Sterically Demanding 8‑(Diphenylphosphino)quinoline Complexes of Group 10 Metal(II): Synthesis, Crystal Structures, and Properties in Solution

Several series of platinum­(II), palladium­(II), and nickel­(II) complexes bearing 8-(diphenylphosphino)­quinoline (PQH) or its 2-methyl or 2-phenyl derivatives (PQMe or PQPh) were synthesized, and their crystal structures and behaviors in solution were investigated. Most of the complexes [M­(PQR)2]­X2 (MII = PtII, PdII, or NiII; R = H, Me or Ph; X = monoanionic ions) characterized in this study have an approximately square-planar coordination geometry with two bidentate P,N-chelating or monodentate P-donating quinolylphosphine ligands in the cis(P,P) configuration. A large steric requirement from the Me or Ph substituent introduced at the 2-position of the quinoline ring gives the resulting complexes severe distortion. The PtII and PdII complex cations maintained the square-planar coordination geometry, but the MII center was displaced from the chelating ligand plane. This bending of the chelate coordination makes the M–N­(quinoline) bond weaker, as demonstrated by the longer M–N bonds. In accord with the bond weakening, the partial dissociation of the PQH or PQMe chelates by substitution with halide anions were observed using UV–vis spectroscopy and X-ray crystallography.
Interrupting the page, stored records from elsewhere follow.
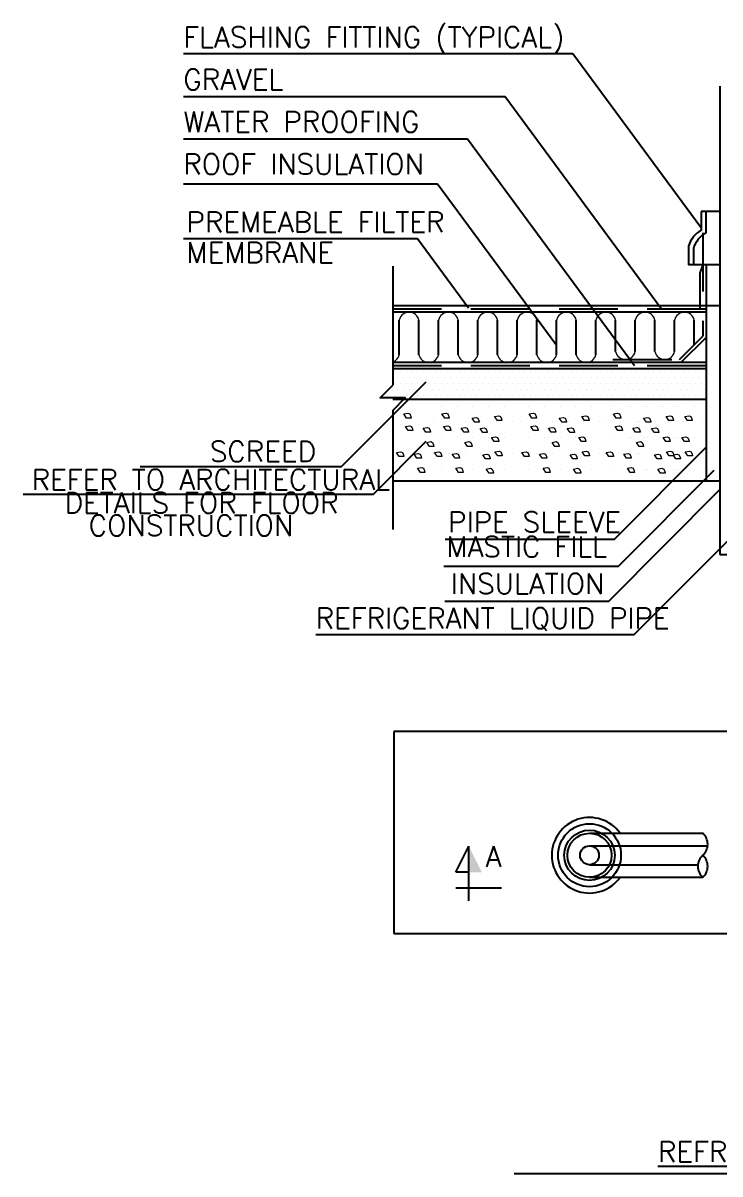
# Model space of a CAD drawing. Extents: x -730 to 2784, y 160 to 852.
# Drawn here: x -694.46 to -691.38, y 218.54 to 223.63 of the extents above; entities that cross this region are included whole.
import ezdxf

# ---------------------------------------------------------------- set-up
doc = ezdxf.new("R2010")
doc.units = 0
doc.header["$MEASUREMENT"] = 0
doc.linetypes.add('DSH3', pattern=[0.39, 0.26, -0.13])
for name, color, linetype in [('05_AC-EX.DUCT', 1, 'Continuous'), ('LIN-2', 7, 'Continuous'), ('LIN-4', 11, 'DSH3'), ('M_ARR', 2, 'Continuous'), ('T-TEXT', 3, 'Continuous'), ('TXST-500', 3, 'Continuous')]:
    doc.layers.add(name, color=color, linetype=linetype)
doc.layers.add('hatch', color=8, linetype='Continuous', lineweight=0)
doc.styles.add('AC', font='romans.shx', dxfattribs={"height": 0.2})

# ---------------------------------------------------------------- blocks, each defined once
blk = doc.blocks.new('*X260')
at = {"color": 0}
for p, q in [((2375, 12750), (2375, 12750)), ((2625, 12750), (2625, 12750)), ((2875, 12750), (2875, 12750)), ((3125, 12750), (3125, 12750)), ((3375, 12750), (3375, 12750)), ((2250, 12500), (2250, 12500)), ((2500, 12500), (2500, 12500)), ((2750, 12500), (2750, 12500)), ((3000, 12500), (3000, 12500)), ((3250, 12500), (3250, 12500)), ((3500, 12500), (3500, 12500)), ((2375, 12250), (2375, 12250)), ((2625, 12250), (2625, 12250)), ((2875, 12250), (2875, 12250)), ((3125, 12250), (3125, 12250)), ((3375, 12250), (3375, 12250)), ((2250, 12000), (2250, 12000)), ((2500, 12000), (2500, 12000)), ((2750, 12000), (2750, 12000)), ((3000, 12000), (3000, 12000)), ((3250, 12000), (3250, 12000)), ((3500, 12000), (3500, 12000)), ((2375, 11750), (2375, 11750)), ((2625, 11750), (2625, 11750)), ((2875, 11750), (2875, 11750)), ((3125, 11750), (3125, 11750)), ((3375, 11750), (3375, 11750))]:
    blk.add_line(p, q, dxfattribs=at)
blk = doc.blocks.new('*X259')
at = {"color": 0}
for p, q in [((1781.25, 7687.5), (1781.25, 7687.5)), ((1875, 7687.5), (1875, 7687.5)), ((1968.75, 7687.5), (1968.75, 7687.5)), ((2062.5, 7687.5), (2062.5, 7687.5)), ((2156.25, 7687.5), (2156.25, 7687.5)), ((2250, 7687.5), (2250, 7687.5)), ((2343.75, 7687.5), (2343.75, 7687.5)), ((2437.5, 7687.5), (2437.5, 7687.5)), ((2531.25, 7687.5), (2531.25, 7687.5)), ((2625, 7687.5), (2625, 7687.5)), ((2718.75, 7687.5), (2718.75, 7687.5)), ((2812.5, 7687.5), (2812.5, 7687.5)), ((2906.25, 7687.5), (2906.25, 7687.5)), ((3000, 7687.5), (3000, 7687.5)), ((3093.75, 7687.5), (3093.75, 7687.5)), ((3187.5, 7687.5), (3187.5, 7687.5)), ((3281.25, 7687.5), (3281.25, 7687.5)), ((3375, 7687.5), (3375, 7687.5)), ((3468.75, 7687.5), (3468.75, 7687.5)), ((3562.5, 7687.5), (3562.5, 7687.5)), ((3656.25, 7687.5), (3656.25, 7687.5)), ((3750, 7687.5), (3750, 7687.5)), ((3843.75, 7687.5), (3843.75, 7687.5)), ((3937.5, 7687.5), (3937.5, 7687.5)), ((4031.25, 7687.5), (4031.25, 7687.5)), ((4125, 7687.5), (4125, 7687.5)), ((4218.75, 7687.5), (4218.75, 7687.5)), ((4312.5, 7687.5), (4312.5, 7687.5)), ((4406.25, 7687.5), (4406.25, 7687.5)), ((4500, 7687.5), (4500, 7687.5)), ((4593.75, 7687.5), (4593.75, 7687.5)), ((4687.5, 7687.5), (4687.5, 7687.5)), ((4781.25, 7687.5), (4781.25, 7687.5)), ((4875, 7687.5), (4875, 7687.5)), ((4968.75, 7687.5), (4968.75, 7687.5)), ((5062.5, 7687.5), (5062.5, 7687.5)), ((5156.25, 7687.5), (5156.25, 7687.5)), ((5250, 7687.5), (5250, 7687.5)), ((5343.75, 7687.5), (5343.75, 7687.5)), ((5437.5, 7687.5), (5437.5, 7687.5)), ((5531.25, 7687.5), (5531.25, 7687.5)), ((5625, 7687.5), (5625, 7687.5)), ((5718.75, 7687.5), (5718.75, 7687.5)), ((5812.5, 7687.5), (5812.5, 7687.5)), ((5906.25, 7687.5), (5906.25, 7687.5)), ((6000, 7687.5), (6000, 7687.5)), ((6093.75, 7687.5), (6093.75, 7687.5)), ((6187.5, 7687.5), (6187.5, 7687.5)), ((6281.25, 7687.5), (6281.25, 7687.5)), ((6375, 7687.5), (6375, 7687.5)), ((6468.75, 7687.5), (6468.75, 7687.5)), ((6562.5, 7687.5), (6562.5, 7687.5)), ((6656.25, 7687.5), (6656.25, 7687.5)), ((1781.25, 7500), (1781.25, 7500)), ((1828.125, 7593.75), (1828.125, 7593.75)), ((1875, 7500), (1875, 7500)), ((1921.875, 7593.75), (1921.875, 7593.75)), ((1968.75, 7500), (1968.75, 7500)), ((2015.625, 7593.75), (2015.625, 7593.75)), ((2062.5, 7500), (2062.5, 7500)), ((2109.375, 7593.75), (2109.375, 7593.75)), ((2156.25, 7500), (2156.25, 7500)), ((2203.125, 7593.75), (2203.125, 7593.75)), ((2250, 7500), (2250, 7500)), ((2296.875, 7593.75), (2296.875, 7593.75)), ((2343.75, 7500), (2343.75, 7500)), ((2390.625, 7593.75), (2390.625, 7593.75)), ((2437.5, 7500), (2437.5, 7500)), ((2484.375, 7593.75), (2484.375, 7593.75)), ((2531.25, 7500), (2531.25, 7500)), ((2578.125, 7593.75), (2578.125, 7593.75)), ((2625, 7500), (2625, 7500)), ((2671.875, 7593.75), (2671.875, 7593.75)), ((2718.75, 7500), (2718.75, 7500)), ((2765.625, 7593.75), (2765.625, 7593.75)), ((2812.5, 7500), (2812.5, 7500)), ((2859.375, 7593.75), (2859.375, 7593.75)), ((2906.25, 7500), (2906.25, 7500)), ((2953.125, 7593.75), (2953.125, 7593.75)), ((3000, 7500), (3000, 7500)), ((3046.875, 7593.75), (3046.875, 7593.75)), ((3093.75, 7500), (3093.75, 7500)), ((3140.625, 7593.75), (3140.625, 7593.75)), ((3187.5, 7500), (3187.5, 7500)), ((3234.375, 7593.75), (3234.375, 7593.75)), ((3281.25, 7500), (3281.25, 7500)), ((3328.125, 7593.75), (3328.125, 7593.75)), ((3375, 7500), (3375, 7500)), ((3421.875, 7593.75), (3421.875, 7593.75)), ((3468.75, 7500), (3468.75, 7500)), ((3515.625, 7593.75), (3515.625, 7593.75)), ((3562.5, 7500), (3562.5, 7500)), ((3609.375, 7593.75), (3609.375, 7593.75)), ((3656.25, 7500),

In contrast, the PQPh complexes were stable in solution toward the addition of halide anions; the intramolecular π–π stacking interaction between the coordinating quinolyl and the 2-substituted phenyl rings protects the MII center from nucleophilic attack. In the corresponding NiII complexes, the steric congestion arising from the mutually cis-positioned PQR ligands resulted in a large tetrahedral distortion around the NiII center. However, the intramolecular π–π stacking interaction was still effective in the PQPh complex, and this interaction can explain some unusual robustness and electrochemical properties of the NiII–PQPh complex.